People v. Foskey

190 A.D.2d 638, 594 N.Y.S.2d 162, 1993 N.Y. App. Div. LEXIS 1709
CourtAppellate Division of the Supreme Court of the State of New York
DecidedFebruary 25, 1993
StatusPublished
Cited by4 cases

This text of 190 A.D.2d 638 (People v. Foskey) is published on Counsel Stack Legal Research, covering Appellate Division of the Supreme Court of the State of New York primary law. Counsel Stack provides free access to over 12 million legal documents including statutes, case law, regulations, and constitutions.

Bluebook
People v. Foskey, 190 A.D.2d 638, 594 N.Y.S.2d 162, 1993 N.Y. App. Div. LEXIS 1709 (N.Y. Ct. App. 1993).

Opinion

— Judgment, Supreme Court, Bronx County (Arlene Silverman, J.), rendered September 11, 1990, convicting defendant, after a jury trial, of burglary in the third degree, attempted burglary in the third degree, criminal mischief in the second degree, criminal mischief in the fourth degree, and possession of burglar’s tools, and sentencing him, as a second felony offender, to concurrent terms of 3 Vi to 7 years for the burglary and second degree criminal mischief, 2 to 4 years for the attempted burglary, and 1 year each for the fourth degree criminal mischief and burglar’s tools possession, unanimously affirmed.

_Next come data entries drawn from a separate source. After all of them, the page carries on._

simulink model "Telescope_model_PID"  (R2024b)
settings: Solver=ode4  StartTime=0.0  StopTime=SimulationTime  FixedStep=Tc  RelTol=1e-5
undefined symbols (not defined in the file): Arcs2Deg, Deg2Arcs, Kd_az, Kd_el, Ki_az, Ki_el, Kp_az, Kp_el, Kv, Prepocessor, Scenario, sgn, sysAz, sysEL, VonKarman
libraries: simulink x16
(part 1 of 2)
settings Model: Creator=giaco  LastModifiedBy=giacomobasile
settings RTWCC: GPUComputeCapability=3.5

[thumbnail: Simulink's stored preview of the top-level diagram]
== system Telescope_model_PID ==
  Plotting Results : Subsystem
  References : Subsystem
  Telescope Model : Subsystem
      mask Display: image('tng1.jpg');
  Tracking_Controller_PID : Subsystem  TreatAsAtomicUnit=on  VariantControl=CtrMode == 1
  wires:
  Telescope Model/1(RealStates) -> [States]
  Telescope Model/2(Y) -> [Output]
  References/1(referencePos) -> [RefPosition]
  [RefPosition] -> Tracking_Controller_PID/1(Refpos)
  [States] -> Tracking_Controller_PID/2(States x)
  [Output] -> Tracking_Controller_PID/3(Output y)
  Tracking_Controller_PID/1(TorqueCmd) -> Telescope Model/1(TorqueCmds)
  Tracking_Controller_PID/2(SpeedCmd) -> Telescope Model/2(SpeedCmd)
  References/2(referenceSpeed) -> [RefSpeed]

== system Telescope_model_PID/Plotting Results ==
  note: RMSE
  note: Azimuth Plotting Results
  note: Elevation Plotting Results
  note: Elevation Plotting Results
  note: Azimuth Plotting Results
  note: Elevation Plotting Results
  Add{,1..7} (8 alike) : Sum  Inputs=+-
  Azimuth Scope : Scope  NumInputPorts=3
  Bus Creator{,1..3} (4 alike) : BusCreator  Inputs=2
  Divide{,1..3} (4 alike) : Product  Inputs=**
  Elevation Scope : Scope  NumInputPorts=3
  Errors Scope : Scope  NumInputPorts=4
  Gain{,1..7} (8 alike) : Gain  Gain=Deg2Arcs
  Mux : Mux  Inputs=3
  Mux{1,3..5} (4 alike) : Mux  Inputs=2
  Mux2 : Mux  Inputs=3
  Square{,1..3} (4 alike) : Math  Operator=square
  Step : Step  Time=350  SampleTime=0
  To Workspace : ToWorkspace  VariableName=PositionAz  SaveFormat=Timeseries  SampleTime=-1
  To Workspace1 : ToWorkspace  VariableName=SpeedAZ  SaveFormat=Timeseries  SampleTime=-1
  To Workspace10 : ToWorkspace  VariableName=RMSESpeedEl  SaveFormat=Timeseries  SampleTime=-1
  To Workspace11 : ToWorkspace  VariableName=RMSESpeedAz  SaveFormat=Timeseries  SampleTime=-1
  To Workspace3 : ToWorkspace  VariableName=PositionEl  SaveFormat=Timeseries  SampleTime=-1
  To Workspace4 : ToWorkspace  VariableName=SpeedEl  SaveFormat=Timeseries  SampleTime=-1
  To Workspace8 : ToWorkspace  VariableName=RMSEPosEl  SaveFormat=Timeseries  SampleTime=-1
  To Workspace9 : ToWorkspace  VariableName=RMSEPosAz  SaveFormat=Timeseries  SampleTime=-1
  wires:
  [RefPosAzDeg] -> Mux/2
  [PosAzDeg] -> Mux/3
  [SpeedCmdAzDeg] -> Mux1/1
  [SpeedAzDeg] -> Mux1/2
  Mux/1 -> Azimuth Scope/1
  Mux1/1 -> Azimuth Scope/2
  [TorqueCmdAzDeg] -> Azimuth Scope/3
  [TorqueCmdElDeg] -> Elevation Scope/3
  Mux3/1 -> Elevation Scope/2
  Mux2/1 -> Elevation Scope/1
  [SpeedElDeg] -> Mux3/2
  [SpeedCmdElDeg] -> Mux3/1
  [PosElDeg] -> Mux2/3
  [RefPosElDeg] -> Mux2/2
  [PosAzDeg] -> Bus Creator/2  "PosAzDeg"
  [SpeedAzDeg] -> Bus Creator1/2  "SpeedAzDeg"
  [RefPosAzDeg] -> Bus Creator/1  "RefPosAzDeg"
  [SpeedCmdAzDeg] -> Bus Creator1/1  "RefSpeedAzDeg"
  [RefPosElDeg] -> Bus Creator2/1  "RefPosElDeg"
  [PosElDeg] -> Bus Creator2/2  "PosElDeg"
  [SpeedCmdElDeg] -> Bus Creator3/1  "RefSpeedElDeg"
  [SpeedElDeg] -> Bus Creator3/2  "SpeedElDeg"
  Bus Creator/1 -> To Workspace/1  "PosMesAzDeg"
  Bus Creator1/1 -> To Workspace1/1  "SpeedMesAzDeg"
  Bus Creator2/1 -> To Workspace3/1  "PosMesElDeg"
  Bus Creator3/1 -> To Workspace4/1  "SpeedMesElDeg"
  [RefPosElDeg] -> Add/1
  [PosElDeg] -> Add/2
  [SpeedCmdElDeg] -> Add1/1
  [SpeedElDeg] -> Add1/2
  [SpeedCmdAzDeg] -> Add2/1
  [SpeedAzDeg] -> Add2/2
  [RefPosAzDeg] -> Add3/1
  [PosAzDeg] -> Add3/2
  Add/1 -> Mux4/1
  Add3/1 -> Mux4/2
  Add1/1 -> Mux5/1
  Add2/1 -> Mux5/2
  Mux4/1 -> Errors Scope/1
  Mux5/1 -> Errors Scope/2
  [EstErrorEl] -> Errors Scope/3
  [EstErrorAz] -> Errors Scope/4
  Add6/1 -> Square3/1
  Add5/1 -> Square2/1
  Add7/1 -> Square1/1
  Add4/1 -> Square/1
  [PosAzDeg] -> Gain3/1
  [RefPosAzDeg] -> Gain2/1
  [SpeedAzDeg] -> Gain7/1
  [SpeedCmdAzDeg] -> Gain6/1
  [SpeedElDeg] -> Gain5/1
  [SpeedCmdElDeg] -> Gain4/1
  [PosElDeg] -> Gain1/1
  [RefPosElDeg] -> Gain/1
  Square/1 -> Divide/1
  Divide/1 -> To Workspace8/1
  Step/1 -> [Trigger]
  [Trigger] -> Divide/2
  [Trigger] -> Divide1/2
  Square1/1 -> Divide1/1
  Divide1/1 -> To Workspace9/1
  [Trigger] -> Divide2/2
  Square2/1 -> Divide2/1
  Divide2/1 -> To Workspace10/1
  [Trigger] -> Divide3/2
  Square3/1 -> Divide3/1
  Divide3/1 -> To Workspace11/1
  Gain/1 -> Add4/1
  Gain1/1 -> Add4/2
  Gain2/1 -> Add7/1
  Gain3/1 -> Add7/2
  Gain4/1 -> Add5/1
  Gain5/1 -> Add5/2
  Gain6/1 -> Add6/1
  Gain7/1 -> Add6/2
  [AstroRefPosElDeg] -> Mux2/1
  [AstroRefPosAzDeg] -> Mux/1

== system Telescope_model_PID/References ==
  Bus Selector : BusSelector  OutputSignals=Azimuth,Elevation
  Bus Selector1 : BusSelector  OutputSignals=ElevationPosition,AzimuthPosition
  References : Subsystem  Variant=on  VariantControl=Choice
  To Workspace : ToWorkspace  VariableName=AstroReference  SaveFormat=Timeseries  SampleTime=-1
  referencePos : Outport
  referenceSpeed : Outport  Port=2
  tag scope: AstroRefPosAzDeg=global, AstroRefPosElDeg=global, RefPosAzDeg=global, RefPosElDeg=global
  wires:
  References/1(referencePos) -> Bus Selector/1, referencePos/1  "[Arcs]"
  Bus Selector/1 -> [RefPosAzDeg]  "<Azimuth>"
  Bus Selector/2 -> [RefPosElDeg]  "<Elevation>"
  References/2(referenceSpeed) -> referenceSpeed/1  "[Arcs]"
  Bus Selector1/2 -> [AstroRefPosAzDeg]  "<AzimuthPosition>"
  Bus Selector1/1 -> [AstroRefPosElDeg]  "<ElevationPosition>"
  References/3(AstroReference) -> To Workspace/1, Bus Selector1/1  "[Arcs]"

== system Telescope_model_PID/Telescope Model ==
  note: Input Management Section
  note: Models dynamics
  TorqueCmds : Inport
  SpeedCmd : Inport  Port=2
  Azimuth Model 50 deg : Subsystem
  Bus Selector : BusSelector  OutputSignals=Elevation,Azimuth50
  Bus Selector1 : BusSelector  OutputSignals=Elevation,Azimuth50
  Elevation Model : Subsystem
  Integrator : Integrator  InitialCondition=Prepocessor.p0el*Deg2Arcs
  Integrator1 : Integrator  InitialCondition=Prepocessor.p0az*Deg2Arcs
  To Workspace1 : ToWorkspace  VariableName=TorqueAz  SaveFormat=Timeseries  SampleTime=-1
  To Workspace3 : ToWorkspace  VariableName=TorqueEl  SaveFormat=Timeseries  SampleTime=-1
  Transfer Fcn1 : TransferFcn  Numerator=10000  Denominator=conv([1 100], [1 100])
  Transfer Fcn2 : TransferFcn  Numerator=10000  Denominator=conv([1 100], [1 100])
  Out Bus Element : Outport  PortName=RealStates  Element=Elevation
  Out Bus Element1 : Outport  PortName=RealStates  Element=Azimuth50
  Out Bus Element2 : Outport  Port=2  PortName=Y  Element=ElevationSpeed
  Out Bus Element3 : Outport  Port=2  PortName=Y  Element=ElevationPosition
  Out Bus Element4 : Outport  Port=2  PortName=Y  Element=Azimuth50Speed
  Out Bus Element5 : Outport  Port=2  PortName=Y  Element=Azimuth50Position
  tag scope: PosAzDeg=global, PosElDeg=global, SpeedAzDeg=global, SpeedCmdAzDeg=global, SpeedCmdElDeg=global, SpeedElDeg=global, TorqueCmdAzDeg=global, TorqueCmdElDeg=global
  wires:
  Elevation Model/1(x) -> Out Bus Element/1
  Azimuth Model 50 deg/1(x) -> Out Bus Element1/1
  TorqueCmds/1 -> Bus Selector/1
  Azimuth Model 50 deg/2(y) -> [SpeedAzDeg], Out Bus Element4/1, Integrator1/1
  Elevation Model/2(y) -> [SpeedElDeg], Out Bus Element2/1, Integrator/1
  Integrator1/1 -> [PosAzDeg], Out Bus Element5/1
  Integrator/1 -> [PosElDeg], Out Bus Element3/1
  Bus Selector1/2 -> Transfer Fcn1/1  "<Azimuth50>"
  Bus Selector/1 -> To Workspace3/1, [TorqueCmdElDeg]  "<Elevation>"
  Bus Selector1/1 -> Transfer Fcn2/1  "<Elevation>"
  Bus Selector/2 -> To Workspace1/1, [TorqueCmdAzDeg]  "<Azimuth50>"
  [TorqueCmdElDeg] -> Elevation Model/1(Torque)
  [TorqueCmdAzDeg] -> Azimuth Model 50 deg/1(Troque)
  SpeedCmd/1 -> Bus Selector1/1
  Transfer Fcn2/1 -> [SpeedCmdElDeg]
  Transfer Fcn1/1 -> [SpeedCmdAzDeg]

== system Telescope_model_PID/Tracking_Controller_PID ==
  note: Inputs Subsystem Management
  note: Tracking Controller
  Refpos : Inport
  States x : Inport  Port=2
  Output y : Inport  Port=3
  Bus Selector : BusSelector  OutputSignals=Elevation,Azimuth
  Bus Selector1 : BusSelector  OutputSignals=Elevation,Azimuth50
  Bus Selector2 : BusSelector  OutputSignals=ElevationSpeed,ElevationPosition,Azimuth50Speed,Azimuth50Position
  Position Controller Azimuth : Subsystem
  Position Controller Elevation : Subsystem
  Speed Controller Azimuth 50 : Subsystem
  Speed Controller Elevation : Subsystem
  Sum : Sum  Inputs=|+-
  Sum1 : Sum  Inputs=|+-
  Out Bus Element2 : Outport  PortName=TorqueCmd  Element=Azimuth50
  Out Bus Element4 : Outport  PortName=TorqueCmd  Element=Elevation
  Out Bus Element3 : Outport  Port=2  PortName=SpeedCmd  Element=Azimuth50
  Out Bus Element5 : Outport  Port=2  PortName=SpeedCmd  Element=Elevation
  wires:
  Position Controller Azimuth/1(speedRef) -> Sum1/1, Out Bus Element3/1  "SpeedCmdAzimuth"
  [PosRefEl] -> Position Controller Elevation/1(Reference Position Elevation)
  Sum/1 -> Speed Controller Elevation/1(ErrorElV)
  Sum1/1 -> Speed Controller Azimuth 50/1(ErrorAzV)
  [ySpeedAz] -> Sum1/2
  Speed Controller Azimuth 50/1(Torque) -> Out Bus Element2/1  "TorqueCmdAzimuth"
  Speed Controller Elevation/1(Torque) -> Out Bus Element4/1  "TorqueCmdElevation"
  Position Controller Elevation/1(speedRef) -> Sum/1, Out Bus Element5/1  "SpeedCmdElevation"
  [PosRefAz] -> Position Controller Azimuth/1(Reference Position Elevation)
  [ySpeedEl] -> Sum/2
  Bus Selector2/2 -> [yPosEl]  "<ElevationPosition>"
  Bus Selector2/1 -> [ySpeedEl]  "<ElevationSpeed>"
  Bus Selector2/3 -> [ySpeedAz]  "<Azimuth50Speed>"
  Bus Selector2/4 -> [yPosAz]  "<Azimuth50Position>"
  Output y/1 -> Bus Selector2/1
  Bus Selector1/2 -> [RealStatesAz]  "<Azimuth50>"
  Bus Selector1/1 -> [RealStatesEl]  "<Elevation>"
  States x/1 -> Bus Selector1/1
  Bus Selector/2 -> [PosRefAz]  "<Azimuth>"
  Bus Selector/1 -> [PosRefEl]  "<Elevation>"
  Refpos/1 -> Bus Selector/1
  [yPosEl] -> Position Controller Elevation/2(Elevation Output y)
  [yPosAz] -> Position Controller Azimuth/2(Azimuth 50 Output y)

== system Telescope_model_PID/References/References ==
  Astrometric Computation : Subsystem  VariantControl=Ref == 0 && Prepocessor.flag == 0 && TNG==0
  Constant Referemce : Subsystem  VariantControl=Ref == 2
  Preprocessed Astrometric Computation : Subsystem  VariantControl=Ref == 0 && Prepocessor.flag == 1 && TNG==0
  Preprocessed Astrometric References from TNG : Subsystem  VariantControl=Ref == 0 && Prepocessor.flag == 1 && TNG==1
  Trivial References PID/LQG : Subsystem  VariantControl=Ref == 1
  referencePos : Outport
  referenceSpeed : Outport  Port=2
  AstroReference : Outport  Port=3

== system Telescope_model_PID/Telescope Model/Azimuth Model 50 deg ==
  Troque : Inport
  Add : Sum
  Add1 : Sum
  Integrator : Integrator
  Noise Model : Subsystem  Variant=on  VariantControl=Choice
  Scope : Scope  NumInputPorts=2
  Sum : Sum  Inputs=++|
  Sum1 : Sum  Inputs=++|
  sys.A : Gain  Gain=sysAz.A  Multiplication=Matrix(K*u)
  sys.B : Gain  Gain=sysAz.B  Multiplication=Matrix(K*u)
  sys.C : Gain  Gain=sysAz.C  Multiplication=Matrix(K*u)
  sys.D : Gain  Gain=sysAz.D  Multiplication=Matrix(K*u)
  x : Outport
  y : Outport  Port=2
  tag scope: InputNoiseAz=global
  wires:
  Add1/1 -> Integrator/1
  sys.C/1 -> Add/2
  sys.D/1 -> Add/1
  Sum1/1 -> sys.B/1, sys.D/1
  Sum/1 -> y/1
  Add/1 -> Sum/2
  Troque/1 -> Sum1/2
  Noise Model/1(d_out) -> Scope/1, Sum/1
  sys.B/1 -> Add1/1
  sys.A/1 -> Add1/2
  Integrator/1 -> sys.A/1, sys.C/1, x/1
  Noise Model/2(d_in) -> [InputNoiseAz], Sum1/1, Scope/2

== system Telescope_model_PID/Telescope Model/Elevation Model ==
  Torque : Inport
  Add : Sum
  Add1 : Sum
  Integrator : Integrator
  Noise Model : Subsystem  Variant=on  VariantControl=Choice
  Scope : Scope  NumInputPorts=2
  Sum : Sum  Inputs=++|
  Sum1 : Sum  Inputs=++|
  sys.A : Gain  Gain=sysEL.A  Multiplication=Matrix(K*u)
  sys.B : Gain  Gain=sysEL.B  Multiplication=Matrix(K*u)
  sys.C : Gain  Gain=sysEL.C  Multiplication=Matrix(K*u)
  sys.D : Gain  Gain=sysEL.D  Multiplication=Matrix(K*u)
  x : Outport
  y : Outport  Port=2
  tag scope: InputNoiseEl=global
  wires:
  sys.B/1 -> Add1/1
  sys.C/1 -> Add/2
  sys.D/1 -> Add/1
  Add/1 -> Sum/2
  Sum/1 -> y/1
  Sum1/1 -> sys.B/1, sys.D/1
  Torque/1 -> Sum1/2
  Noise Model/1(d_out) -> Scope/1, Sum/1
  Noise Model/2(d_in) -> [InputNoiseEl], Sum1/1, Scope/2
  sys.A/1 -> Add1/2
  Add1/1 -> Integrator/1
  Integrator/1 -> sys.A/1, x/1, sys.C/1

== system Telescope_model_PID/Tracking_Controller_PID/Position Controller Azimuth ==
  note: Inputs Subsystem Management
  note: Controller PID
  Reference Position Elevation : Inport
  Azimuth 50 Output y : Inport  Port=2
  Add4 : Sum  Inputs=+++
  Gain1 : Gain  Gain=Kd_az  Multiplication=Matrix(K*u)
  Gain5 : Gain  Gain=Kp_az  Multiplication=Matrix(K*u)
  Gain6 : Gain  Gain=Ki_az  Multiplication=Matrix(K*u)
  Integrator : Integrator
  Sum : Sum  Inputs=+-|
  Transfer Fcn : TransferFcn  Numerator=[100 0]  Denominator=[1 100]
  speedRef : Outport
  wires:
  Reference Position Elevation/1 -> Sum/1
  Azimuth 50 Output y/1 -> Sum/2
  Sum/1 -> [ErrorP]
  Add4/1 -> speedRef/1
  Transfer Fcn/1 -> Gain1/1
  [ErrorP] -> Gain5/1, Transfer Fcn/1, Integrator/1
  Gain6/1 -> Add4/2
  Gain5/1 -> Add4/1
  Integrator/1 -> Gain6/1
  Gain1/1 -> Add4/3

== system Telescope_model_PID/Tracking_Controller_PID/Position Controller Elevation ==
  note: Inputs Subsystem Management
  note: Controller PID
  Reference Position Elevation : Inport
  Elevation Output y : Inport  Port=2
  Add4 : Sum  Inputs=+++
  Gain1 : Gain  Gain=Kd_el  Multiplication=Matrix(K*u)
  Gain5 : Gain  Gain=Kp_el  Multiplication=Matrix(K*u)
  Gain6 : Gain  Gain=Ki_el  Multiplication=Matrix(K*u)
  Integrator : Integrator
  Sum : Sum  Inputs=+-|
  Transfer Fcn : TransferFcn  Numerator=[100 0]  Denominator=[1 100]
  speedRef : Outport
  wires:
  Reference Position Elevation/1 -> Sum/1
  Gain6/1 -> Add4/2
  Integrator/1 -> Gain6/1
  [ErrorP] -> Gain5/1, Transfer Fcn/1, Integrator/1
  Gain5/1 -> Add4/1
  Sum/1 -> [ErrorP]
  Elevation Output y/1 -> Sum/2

The trial court properly denied defendant’s motion at the close of the People’s case for a trial order of dismissal as to the burglary, since, regardless of the testimony offered by the employee from the city agency which owned the building in question, the circumstantial evidence — including the hour at which defendant and his companion were found, that they were enlarging a hole in the wall that was already large enough to see through to the adjoining premises, that they were working in the dark, and defendant’s attempted flight— provided more than enough legally sufficient proof to defeat the motion. Defendant’s attempts to cast doubt on the proof of any element of the burglary charge was an issue properly submitted to the jury (People v Vasquez, 142 AD2d 698, lv denied 72 NY2d 1050). The testimony offered by defendant’s witness as to defendant’s permission or authority to be in the vacant first-floor apartment was equivocal, and clearly outweighed by defendant’s concession that he had no such permission.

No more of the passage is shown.